- _Record excerpts_
######

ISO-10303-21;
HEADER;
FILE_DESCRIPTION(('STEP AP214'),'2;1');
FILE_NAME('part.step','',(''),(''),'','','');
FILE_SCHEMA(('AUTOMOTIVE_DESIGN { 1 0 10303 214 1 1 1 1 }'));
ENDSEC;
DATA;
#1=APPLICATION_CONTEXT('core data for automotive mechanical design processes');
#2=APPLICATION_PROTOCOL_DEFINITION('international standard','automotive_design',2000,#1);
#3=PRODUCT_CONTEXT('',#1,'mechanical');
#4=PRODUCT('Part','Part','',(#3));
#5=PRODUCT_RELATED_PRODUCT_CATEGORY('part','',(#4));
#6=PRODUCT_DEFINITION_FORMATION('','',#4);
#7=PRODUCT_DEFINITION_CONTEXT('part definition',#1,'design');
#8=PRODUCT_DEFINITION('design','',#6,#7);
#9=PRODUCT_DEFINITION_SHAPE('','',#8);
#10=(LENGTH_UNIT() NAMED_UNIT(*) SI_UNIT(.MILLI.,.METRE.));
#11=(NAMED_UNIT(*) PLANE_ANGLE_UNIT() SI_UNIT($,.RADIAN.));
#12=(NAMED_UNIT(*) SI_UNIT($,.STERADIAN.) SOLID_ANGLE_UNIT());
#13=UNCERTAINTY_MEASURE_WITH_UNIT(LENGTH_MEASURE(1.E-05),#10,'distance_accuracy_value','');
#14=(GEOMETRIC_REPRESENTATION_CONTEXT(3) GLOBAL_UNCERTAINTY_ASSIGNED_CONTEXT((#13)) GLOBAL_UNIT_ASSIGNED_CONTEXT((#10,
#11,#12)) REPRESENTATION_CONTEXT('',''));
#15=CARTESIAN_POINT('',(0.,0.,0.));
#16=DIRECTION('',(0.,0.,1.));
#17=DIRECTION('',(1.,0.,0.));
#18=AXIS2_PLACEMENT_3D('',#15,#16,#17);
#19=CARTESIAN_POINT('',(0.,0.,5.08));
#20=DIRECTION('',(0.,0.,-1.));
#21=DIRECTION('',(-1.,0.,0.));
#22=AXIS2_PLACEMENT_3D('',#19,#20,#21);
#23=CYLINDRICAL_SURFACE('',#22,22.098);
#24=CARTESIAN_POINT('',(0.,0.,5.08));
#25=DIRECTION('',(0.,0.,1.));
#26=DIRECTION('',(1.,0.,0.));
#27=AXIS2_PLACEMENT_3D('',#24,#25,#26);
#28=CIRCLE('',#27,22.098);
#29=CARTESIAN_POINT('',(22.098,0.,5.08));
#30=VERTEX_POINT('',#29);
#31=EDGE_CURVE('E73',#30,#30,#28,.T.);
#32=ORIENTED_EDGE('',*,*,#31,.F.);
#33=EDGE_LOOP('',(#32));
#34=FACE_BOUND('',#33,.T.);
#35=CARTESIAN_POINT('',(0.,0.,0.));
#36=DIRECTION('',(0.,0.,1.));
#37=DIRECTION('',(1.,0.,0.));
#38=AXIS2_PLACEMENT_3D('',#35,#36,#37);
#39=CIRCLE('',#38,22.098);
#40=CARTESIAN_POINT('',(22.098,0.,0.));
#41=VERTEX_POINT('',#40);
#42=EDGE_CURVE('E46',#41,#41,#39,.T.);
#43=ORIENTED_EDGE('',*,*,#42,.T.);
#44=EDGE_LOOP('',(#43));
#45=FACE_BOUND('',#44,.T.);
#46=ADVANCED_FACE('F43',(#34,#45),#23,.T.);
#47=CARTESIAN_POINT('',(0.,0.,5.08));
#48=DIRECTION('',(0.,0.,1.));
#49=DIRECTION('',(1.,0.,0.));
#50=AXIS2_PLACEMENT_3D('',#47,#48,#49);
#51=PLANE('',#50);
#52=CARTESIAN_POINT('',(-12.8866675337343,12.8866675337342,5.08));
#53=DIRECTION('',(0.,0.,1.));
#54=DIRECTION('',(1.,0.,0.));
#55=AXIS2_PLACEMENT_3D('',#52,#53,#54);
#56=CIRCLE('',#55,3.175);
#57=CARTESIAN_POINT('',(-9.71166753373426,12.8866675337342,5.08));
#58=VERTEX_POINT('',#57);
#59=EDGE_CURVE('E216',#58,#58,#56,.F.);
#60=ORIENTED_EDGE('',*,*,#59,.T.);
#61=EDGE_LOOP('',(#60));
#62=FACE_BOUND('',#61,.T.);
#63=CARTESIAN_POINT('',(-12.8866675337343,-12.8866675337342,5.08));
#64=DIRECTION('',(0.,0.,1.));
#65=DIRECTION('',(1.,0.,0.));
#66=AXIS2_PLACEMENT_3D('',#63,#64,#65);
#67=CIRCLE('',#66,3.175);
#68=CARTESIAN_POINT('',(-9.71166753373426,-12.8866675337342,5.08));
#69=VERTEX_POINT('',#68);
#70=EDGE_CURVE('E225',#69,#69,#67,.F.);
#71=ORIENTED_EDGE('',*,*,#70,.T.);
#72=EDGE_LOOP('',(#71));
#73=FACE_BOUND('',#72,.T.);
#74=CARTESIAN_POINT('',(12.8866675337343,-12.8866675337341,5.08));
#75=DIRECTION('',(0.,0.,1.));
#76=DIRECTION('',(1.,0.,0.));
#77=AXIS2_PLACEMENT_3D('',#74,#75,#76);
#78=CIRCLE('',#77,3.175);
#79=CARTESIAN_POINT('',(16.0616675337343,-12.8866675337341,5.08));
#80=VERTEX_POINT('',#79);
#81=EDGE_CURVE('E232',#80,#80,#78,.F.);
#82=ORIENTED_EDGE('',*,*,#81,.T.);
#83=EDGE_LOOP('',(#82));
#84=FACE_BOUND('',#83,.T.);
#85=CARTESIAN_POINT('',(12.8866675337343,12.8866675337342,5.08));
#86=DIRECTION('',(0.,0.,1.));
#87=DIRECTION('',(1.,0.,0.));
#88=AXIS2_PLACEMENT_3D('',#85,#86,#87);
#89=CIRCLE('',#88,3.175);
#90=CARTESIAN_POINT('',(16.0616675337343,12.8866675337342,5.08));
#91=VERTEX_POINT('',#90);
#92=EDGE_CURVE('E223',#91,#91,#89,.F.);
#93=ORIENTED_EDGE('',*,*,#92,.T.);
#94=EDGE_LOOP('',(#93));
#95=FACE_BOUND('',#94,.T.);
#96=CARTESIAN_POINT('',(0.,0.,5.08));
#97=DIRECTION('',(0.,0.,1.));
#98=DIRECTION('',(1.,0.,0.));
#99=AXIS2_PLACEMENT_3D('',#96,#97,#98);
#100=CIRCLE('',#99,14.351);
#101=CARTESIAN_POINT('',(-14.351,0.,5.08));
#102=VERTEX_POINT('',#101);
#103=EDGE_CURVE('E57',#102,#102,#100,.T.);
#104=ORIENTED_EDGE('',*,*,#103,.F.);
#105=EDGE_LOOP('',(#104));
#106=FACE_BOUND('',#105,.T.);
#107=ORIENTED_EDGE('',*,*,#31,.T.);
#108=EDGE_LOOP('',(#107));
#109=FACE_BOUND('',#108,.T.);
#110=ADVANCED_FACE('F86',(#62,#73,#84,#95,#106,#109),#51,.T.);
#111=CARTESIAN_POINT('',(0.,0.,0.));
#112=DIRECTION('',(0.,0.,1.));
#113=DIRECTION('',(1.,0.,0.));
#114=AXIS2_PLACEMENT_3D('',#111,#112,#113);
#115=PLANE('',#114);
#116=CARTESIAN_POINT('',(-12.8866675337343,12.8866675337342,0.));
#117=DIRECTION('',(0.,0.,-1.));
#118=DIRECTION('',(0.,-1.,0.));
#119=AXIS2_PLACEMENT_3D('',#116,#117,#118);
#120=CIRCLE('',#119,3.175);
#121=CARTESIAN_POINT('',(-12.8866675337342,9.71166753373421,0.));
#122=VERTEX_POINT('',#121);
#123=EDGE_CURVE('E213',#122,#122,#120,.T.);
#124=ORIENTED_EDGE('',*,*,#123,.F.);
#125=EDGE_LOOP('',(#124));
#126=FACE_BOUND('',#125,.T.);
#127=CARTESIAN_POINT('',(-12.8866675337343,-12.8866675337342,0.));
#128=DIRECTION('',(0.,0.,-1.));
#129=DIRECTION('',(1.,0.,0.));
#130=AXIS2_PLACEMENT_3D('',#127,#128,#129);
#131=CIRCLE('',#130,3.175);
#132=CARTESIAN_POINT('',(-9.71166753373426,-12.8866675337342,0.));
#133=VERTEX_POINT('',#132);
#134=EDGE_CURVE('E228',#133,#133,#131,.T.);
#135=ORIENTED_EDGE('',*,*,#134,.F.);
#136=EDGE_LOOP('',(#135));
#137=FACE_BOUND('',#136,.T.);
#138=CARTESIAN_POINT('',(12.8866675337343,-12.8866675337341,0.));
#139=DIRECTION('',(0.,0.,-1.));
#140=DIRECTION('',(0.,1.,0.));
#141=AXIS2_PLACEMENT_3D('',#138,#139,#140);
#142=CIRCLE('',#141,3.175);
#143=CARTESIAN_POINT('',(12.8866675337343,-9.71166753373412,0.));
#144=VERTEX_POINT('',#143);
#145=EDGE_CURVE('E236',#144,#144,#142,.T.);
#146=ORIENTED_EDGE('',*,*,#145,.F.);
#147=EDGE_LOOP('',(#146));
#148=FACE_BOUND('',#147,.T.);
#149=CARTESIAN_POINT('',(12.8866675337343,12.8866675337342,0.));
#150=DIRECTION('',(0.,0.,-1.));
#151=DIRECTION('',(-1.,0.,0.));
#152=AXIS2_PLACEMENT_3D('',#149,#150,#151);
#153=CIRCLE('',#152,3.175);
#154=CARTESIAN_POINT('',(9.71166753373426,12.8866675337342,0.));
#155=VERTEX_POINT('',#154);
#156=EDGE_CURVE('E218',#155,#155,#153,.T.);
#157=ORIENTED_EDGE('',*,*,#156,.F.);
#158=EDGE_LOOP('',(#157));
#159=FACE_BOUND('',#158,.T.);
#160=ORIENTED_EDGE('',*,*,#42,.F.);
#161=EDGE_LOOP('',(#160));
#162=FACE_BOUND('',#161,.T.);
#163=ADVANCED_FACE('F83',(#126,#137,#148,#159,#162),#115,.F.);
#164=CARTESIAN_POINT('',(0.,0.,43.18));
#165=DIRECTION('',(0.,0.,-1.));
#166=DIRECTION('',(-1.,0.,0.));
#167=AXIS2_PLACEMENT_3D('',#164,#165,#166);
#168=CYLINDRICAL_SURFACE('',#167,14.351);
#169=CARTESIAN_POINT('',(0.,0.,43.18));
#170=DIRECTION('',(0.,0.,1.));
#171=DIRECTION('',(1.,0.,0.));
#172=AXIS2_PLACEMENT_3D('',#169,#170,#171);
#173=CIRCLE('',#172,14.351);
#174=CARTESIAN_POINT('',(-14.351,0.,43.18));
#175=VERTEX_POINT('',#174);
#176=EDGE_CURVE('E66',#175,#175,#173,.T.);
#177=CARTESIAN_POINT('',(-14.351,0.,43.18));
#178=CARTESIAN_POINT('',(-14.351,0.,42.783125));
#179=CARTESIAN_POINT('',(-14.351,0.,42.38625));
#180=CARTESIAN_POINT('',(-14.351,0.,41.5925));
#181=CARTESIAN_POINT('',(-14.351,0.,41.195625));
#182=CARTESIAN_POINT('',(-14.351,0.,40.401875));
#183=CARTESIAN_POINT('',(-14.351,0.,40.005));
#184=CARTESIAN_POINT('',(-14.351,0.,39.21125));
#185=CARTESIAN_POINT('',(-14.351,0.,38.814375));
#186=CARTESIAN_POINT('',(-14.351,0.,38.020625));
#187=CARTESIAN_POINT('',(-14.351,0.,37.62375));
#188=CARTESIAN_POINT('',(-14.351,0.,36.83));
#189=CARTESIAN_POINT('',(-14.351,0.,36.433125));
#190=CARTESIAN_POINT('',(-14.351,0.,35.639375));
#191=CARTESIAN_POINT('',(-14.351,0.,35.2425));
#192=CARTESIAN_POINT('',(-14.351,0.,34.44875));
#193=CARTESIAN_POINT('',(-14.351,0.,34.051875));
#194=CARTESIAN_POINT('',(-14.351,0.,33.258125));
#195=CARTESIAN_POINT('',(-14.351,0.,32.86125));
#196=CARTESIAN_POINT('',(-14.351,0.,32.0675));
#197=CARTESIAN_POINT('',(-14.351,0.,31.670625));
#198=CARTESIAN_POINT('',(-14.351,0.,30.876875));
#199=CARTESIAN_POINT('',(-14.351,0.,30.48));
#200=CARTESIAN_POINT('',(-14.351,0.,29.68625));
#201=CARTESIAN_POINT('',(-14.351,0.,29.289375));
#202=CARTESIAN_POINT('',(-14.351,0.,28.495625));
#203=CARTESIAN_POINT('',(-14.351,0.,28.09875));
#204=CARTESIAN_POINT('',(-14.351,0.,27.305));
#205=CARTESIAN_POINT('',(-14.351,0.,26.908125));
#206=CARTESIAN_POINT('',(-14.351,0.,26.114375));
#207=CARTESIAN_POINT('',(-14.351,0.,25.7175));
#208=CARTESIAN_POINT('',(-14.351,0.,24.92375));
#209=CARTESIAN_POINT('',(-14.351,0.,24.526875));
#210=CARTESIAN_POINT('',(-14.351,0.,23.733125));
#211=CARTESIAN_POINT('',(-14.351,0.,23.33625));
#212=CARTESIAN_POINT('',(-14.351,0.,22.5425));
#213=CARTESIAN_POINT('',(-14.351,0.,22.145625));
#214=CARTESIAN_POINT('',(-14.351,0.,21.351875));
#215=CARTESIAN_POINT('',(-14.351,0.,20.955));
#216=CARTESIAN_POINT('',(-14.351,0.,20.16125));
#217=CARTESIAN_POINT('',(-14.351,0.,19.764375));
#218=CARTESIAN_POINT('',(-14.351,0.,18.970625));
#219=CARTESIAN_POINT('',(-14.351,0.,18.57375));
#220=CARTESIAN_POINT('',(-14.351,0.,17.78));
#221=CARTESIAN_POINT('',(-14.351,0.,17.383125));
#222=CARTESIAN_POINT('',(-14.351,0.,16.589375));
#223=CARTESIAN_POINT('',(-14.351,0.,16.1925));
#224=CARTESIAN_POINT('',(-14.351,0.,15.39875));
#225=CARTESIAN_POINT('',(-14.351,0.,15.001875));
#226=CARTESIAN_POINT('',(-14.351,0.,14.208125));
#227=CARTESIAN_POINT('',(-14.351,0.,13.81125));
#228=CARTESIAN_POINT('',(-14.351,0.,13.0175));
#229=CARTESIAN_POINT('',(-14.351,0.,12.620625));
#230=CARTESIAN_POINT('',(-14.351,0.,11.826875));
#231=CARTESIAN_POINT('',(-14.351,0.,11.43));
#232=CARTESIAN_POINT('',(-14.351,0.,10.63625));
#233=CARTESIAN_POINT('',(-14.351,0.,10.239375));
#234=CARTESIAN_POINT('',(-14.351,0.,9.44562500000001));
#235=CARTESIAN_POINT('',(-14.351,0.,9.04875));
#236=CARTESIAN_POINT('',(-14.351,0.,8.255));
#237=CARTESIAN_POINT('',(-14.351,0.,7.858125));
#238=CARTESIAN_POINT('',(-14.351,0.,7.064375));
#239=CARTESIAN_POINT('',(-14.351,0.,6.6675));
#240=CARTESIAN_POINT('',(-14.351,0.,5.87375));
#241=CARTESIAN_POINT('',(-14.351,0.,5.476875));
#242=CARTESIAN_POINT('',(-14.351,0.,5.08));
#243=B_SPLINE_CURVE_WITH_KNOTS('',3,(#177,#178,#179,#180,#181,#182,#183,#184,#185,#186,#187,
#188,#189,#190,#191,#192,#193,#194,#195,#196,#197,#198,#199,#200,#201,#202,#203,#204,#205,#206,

######

- _Required work_
Copy out, word for word, the part of the entries above that begins at the line with "#158=EDGE_LOOP('',(#157));" and ends at the line with "#163=ADVANCED_FACE('F83',(#126,#137,#148,#159,#162),#115,.F.);", including both.

- _Response area_
#158=EDGE_LOOP('',(#157));
#159=FACE_BOUND('',#158,.T.);
#160=ORIENTED_EDGE('',*,*,#42,.F.);
#161=EDGE_LOOP('',(#160));
#162=FACE_BOUND('',#161,.T.);
#163=ADVANCED_FACE('F83',(#126,#137,#148,#159,#162),#115,.F.);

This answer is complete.